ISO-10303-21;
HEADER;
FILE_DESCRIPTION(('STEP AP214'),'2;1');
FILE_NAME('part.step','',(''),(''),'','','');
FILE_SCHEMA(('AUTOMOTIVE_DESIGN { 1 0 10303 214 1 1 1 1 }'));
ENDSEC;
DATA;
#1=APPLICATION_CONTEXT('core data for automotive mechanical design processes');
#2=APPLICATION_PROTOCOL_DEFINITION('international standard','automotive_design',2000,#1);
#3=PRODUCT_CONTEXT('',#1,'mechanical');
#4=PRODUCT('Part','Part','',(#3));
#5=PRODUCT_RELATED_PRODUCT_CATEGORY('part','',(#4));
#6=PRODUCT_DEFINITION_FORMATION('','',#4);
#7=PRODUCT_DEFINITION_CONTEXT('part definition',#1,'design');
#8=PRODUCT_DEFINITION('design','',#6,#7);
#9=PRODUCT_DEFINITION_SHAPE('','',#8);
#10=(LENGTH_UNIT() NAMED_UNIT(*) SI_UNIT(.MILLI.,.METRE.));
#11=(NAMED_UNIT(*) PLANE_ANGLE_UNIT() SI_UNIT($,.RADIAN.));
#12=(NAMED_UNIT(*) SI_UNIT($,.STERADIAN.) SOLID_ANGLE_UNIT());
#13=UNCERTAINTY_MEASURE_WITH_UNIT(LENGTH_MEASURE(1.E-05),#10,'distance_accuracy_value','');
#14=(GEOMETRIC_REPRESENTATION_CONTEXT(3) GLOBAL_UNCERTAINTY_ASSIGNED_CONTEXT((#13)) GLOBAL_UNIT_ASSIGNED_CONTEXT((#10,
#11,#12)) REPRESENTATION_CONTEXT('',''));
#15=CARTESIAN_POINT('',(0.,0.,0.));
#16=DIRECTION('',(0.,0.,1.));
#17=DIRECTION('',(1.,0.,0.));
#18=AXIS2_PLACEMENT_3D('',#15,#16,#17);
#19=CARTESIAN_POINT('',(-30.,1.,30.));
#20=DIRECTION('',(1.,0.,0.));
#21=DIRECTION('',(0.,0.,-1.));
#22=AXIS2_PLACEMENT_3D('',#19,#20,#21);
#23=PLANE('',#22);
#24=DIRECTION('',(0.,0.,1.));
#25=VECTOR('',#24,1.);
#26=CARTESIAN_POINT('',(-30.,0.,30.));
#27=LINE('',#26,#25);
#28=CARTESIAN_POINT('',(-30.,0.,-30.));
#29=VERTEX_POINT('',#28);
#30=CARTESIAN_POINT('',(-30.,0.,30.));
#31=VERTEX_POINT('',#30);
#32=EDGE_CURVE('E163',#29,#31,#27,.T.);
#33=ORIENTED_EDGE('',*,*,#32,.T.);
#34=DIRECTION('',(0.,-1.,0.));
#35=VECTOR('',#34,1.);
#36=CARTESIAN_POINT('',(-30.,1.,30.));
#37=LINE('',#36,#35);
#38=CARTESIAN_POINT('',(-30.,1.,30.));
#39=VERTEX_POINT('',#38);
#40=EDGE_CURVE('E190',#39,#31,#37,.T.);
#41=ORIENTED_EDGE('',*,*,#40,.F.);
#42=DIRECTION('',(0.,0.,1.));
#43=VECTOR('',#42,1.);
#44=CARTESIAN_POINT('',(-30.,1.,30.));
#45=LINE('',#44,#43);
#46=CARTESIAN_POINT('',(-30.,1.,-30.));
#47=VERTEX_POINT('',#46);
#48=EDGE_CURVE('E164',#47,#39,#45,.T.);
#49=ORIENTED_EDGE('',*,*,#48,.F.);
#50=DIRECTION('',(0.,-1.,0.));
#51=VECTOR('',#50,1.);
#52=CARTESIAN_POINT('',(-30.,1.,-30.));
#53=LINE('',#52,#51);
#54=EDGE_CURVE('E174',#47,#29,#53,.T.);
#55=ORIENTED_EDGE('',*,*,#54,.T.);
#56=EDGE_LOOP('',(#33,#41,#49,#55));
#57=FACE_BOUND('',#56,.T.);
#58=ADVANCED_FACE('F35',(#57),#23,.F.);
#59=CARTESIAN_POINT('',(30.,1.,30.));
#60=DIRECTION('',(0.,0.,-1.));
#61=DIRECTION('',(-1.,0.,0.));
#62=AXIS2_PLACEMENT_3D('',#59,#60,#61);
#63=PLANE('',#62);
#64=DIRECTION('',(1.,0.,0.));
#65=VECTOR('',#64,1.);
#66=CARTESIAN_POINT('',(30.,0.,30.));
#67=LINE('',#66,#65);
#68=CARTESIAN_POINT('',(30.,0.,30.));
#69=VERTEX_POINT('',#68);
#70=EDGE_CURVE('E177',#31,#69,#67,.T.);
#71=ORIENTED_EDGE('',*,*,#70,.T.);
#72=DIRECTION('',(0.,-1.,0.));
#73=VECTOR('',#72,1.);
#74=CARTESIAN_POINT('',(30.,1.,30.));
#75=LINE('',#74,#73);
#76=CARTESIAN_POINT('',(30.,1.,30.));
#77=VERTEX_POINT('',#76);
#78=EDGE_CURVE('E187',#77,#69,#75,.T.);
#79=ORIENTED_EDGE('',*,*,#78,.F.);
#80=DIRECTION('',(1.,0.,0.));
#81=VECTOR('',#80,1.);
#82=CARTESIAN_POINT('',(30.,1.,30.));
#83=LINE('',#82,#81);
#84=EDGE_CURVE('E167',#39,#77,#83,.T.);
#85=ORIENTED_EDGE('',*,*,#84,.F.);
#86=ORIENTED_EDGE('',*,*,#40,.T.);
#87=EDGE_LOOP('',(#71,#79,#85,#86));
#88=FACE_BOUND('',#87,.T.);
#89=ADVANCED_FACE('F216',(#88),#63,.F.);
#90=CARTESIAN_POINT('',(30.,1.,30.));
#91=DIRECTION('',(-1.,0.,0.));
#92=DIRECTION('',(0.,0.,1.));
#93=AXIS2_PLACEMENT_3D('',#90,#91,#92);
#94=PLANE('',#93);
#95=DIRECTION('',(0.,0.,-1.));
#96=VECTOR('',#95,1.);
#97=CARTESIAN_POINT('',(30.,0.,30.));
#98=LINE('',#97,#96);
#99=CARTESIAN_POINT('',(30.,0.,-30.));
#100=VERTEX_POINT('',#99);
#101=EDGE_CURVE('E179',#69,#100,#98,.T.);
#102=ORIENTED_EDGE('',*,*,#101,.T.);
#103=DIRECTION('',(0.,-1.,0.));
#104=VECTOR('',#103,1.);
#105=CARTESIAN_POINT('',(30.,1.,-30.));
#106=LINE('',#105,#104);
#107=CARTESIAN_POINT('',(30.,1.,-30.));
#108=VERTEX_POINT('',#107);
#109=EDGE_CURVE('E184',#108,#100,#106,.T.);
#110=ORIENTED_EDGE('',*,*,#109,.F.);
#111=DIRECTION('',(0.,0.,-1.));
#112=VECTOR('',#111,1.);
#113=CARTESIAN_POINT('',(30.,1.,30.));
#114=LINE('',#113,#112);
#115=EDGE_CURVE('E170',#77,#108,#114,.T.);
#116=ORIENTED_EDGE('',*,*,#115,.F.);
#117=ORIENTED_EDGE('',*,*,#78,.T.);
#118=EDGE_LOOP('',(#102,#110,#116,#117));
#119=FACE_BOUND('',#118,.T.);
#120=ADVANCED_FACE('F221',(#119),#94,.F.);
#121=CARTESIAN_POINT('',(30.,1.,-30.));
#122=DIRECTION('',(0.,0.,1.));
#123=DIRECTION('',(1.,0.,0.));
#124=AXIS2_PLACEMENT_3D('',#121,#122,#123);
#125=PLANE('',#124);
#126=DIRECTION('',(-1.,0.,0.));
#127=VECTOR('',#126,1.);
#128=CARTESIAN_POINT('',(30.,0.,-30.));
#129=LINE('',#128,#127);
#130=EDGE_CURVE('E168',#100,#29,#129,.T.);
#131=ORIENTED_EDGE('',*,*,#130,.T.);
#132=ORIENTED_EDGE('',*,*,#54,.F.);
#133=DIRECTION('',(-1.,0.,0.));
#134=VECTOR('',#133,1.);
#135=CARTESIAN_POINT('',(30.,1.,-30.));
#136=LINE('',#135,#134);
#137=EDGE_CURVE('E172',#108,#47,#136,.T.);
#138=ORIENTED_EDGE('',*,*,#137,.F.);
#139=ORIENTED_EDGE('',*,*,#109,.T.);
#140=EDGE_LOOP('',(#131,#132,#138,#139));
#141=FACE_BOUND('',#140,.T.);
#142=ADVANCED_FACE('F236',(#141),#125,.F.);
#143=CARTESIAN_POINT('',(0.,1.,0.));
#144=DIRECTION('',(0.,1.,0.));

* [PROBLEM STATEMENT] Your task is to restate, word for word, only those lines above that fall between the line holding "#17=DIRECTION('',(1.,0.,0.));" and the line holding "#62=AXIS2_PLACEMENT_3D('',#59,#60,#61);", inclusive.

* [SOLUTION]
#17=DIRECTION('',(1.,0.,0.));
#18=AXIS2_PLACEMENT_3D('',#15,#16,#17);
#19=CARTESIAN_POINT('',(-30.,1.,30.));
#20=DIRECTION('',(1.,0.,0.));
#21=DIRECTION('',(0.,0.,-1.));
#22=AXIS2_PLACEMENT_3D('',#19,#20,#21);
#23=PLANE('',#22);
#24=DIRECTION('',(0.,0.,1.));
#25=VECTOR('',#24,1.);
#26=CARTESIAN_POINT('',(-30.,0.,30.));
#27=LINE('',#26,#25);
#28=CARTESIAN_POINT('',(-30.,0.,-30.));
#29=VERTEX_POINT('',#28);
#30=CARTESIAN_POINT('',(-30.,0.,30.));
#31=VERTEX_POINT('',#30);
#32=EDGE_CURVE('E163',#29,#31,#27,.T.);
#33=ORIENTED_EDGE('',*,*,#32,.T.);
#34=DIRECTION('',(0.,-1.,0.));
#35=VECTOR('',#34,1.);
#36=CARTESIAN_POINT('',(-30.,1.,30.));
#37=LINE('',#36,#35);
#38=CARTESIAN_POINT('',(-30.,1.,30.));
#39=VERTEX_POINT('',#38);
#40=EDGE_CURVE('E190',#39,#31,#37,.T.);
#41=ORIENTED_EDGE('',*,*,#40,.F.);
#42=DIRECTION('',(0.,0.,1.));
#43=VECTOR('',#42,1.);
#44=CARTESIAN_POINT('',(-30.,1.,30.));
#45=LINE('',#44,#43);
#46=CARTESIAN_POINT('',(-30.,1.,-30.));
#47=VERTEX_POINT('',#46);
#48=EDGE_CURVE('E164',#47,#39,#45,.T.);
#49=ORIENTED_EDGE('',*,*,#48,.F.);
#50=DIRECTION('',(0.,-1.,0.));
#51=VECTOR('',#50,1.);
#52=CARTESIAN_POINT('',(-30.,1.,-30.));
#53=LINE('',#52,#51);
#54=EDGE_CURVE('E174',#47,#29,#53,.T.);
#55=ORIENTED_EDGE('',*,*,#54,.T.);
#56=EDGE_LOOP('',(#33,#41,#49,#55));
#57=FACE_BOUND('',#56,.T.);
#58=ADVANCED_FACE('F35',(#57),#23,.F.);
#59=CARTESIAN_POINT('',(30.,1.,30.));
#60=DIRECTION('',(0.,0.,-1.));
#61=DIRECTION('',(-1.,0.,0.));
#62=AXIS2_PLACEMENT_3D('',#59,#60,#61);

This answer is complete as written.